We first find that the only bimolecular reaction is S₁₁ + S₁₂ → S₂. Assume that we have W > ϵ. We find no dissociation reaction producing S₁₁ and S₁₂. We now look for reactions producing either of the molecules or both. No reactions produce both, but we find that S₁₂ produces $S_{12}^{*}$ and that P produces S₁₁ and D. We proceed to look for any reactions producing either S₁₂ or P or both. We now find only one such reaction, S₁ → P + S₁₂. Since this is a dissociation reaction, S₁ will be simulated on the microscopic scale.

This is schematically illustrated in Fig. 2.

FIG. 2.

Schematic illustration of system (64)–(67).

The production of S₂ originates from a dissociation, with an intermediate association reaction that is unresolved at fine length scales on the mesoscopic scale. The dissociating molecule is therefore a candidate for the microscopic scale.

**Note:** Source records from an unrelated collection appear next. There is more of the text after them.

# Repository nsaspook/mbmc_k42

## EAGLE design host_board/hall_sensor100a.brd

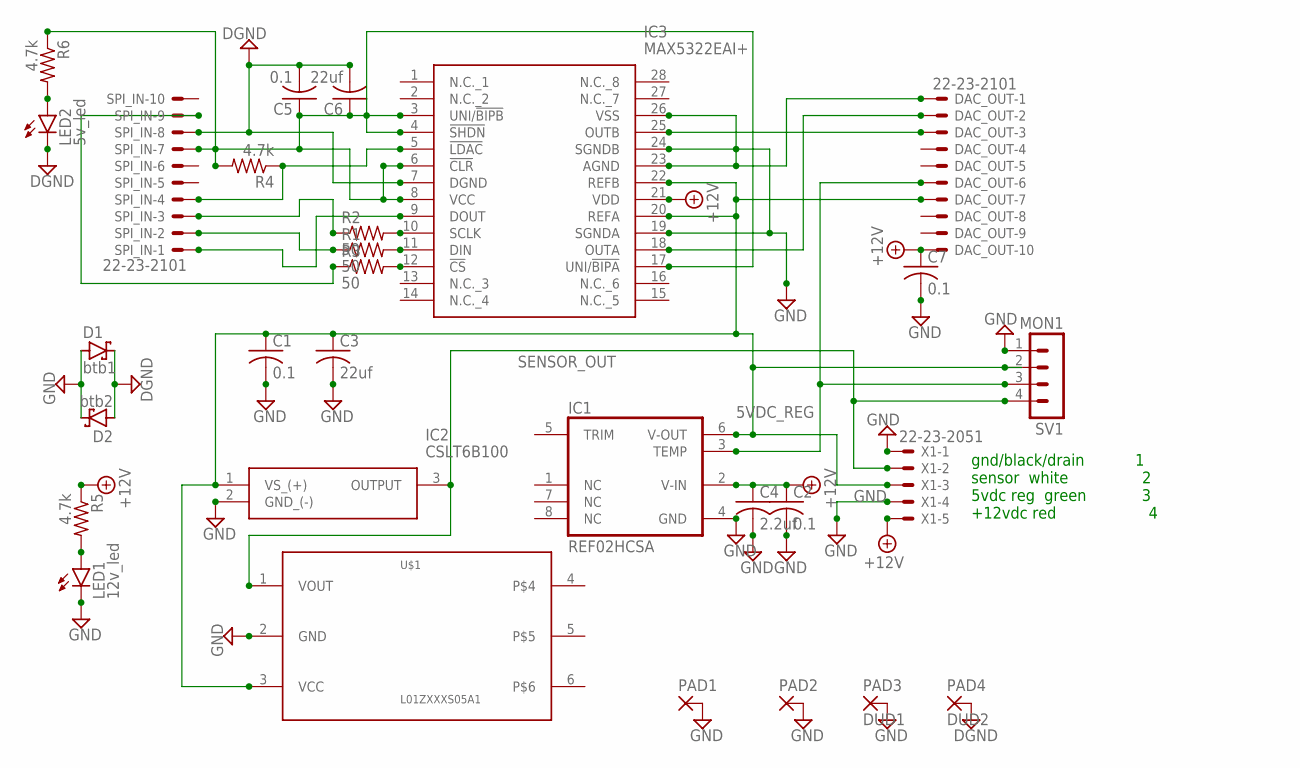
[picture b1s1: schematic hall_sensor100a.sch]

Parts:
C1, C2, C5, C7: 0.1; C0805
C3, C6: 22uf; C0805
C4: 2.2uf; C0805
D1: btb1; DO35-7
D2: btb2; DO35-7
DAC_OUT: 22-23-2101
IC1: REF02HCSA; SO08
IC2: CSLT6B100
IC3: MAX5322EAI+; SOP65P778X199-28N
LED1: 12v_led; CHIPLED_1206
LED2: 5v_led; CHIPLED_1206
PAD1, PAD2: 2,15/1,0
PAD3: DUD1; 2,15/1,0
PAD4: DUD2; 2,15/1,0
R1, R2, R3: 50; M0805
R4, R5, R6: 4.7k; M0805
SPI_IN: 22-23-2101
SV1: MON1; MA04-1
U$1: L01ZXXXS05A1; DIP2540W53P254L2900H508Q6B
X1: 22-23-2051

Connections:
5VDC_REG: C1.1, C3.1, DAC_OUT.7, IC1.6 (V-OUT), IC2.1 (VS_(+)), IC3.20 (REFA), IC3.22 (REFB), SV1.2, U$1.3 (VCC), X1.3
+12V: C2.1, C4.1, C7.1, DAC_OUT.10, IC1.2 (V-IN), IC3.21 (VDD), R5.1, X1.5
DGND: C5.2, C6.2, D1.C, D2.A, IC3.7 (DGND), LED2.C, PAD4.1, SPI_IN.8
GND: C1.2, C2.2, C3.2, C4.2, C7.2, D1.A, D2.C, DAC_OUT.1, IC1.4 (GND), IC2.2 (GND_(-)), IC3.19 (SGNDA), IC3.23 (AGND), IC3.24 (SGNDB), IC3.26 (VSS), LED1.C, PAD1.1, PAD2.1, PAD3.1, SV1.1, U$1.2 (GND), X1.1, X1.4
unnamed: IC3.11 (DIN), R1.2
unnamed: DAC_OUT.2, IC3.18 (OUTA)
unnamed: DAC_OUT.3, IC3.25 (OUTB)
unnamed: R1.1, SPI_IN.2
unnamed: IC3.9 (DOUT), SPI_IN.1
unnamed: R2.1, SPI_IN.3
unnamed: R3.1, SPI_IN.9
unnamed: C5.1, C6.1, IC3.3 (UNI/!BIPB), IC3.4 (!SHDN), IC3.6 (!CLR), IC3.8 (VCC), IC3.17 (UNI/!BIPA), R4.2, R6.1, SPI_IN.7
unnamed: LED1.A, R5.2
unnamed: IC3.5 (!LDAC), R4.1, SPI_IN.4
unnamed: IC3.10 (SCLK), R2.2
unnamed: IC3.12 (!CS), R3.2
unnamed: DAC_OUT.6, IC1.3 (TEMP), SV1.3
unnamed: LED2.A, R6.2
SENSOR_OUT: IC2.3 (OUTPUT), SV1.4, U$1.1 (VOUT), X1.2

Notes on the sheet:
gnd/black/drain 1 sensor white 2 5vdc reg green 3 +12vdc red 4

We employ the following general strategy to identify molecules that should be simulated on the microscopic scale:

For system (64)–(67), the algorithm would thus first compute W for the association reaction $S_{11}+S_{12}^{*}\to S_2$. If W > ϵ, then the algorithm proceeds to find the sequence of reactions S₁ → P + S₁₂, P → D + S₁₁ producing S₁₁, and the sequence of reactions S₁ → P + S₁₂, $S_{12}\to S_{12}^{*}$ producing $S_{12}^{*}$. Since the two sequences both start with S₁ dissociating, we will simulate S₁ on the microscopic scale.

Algorithm 2.

Identifying microscale particles.

1.	Identify all bimolecular reactions for which W > ϵ, for some sufficiently small ϵ, where W is the relative error in the mesoscopic mean binding time, as defined in (41).
2.	For each such reaction, determine if the product originates from a dissociation reaction. If it does, the dissociating molecule should be simulated on the microscopic scale.
	(a) If the two reactants are produced by a dissociating molecule we are done. The product of the association reaction then originates from a dissociation [an example of this is (60)].
	(b) If they are not, find all sequences of reactions producing reactant 1 of the association reaction and all sequences of reactions producing reactant 2.
	(c) For each sequence producing reactant 1, and starting with a dissociation, search for a sequence produc ing reactant 2 that starts with the same dissociation. If we find two such sequences, then the initially dissociating molecule will be simulated on the microscopic scale.

IV. IMPLEMENTATION

We have implemented the hybrid method as an extension to the high-level PyURDME¹⁴ Python API. This allows for specification of microscopic/hybrid systems and execution via a simple, object-oriented Python modeling interface. In Secs. IV A–IV C, we describe the different components of the solver and discuss computational complexity and performance aspects of hybrid simulation.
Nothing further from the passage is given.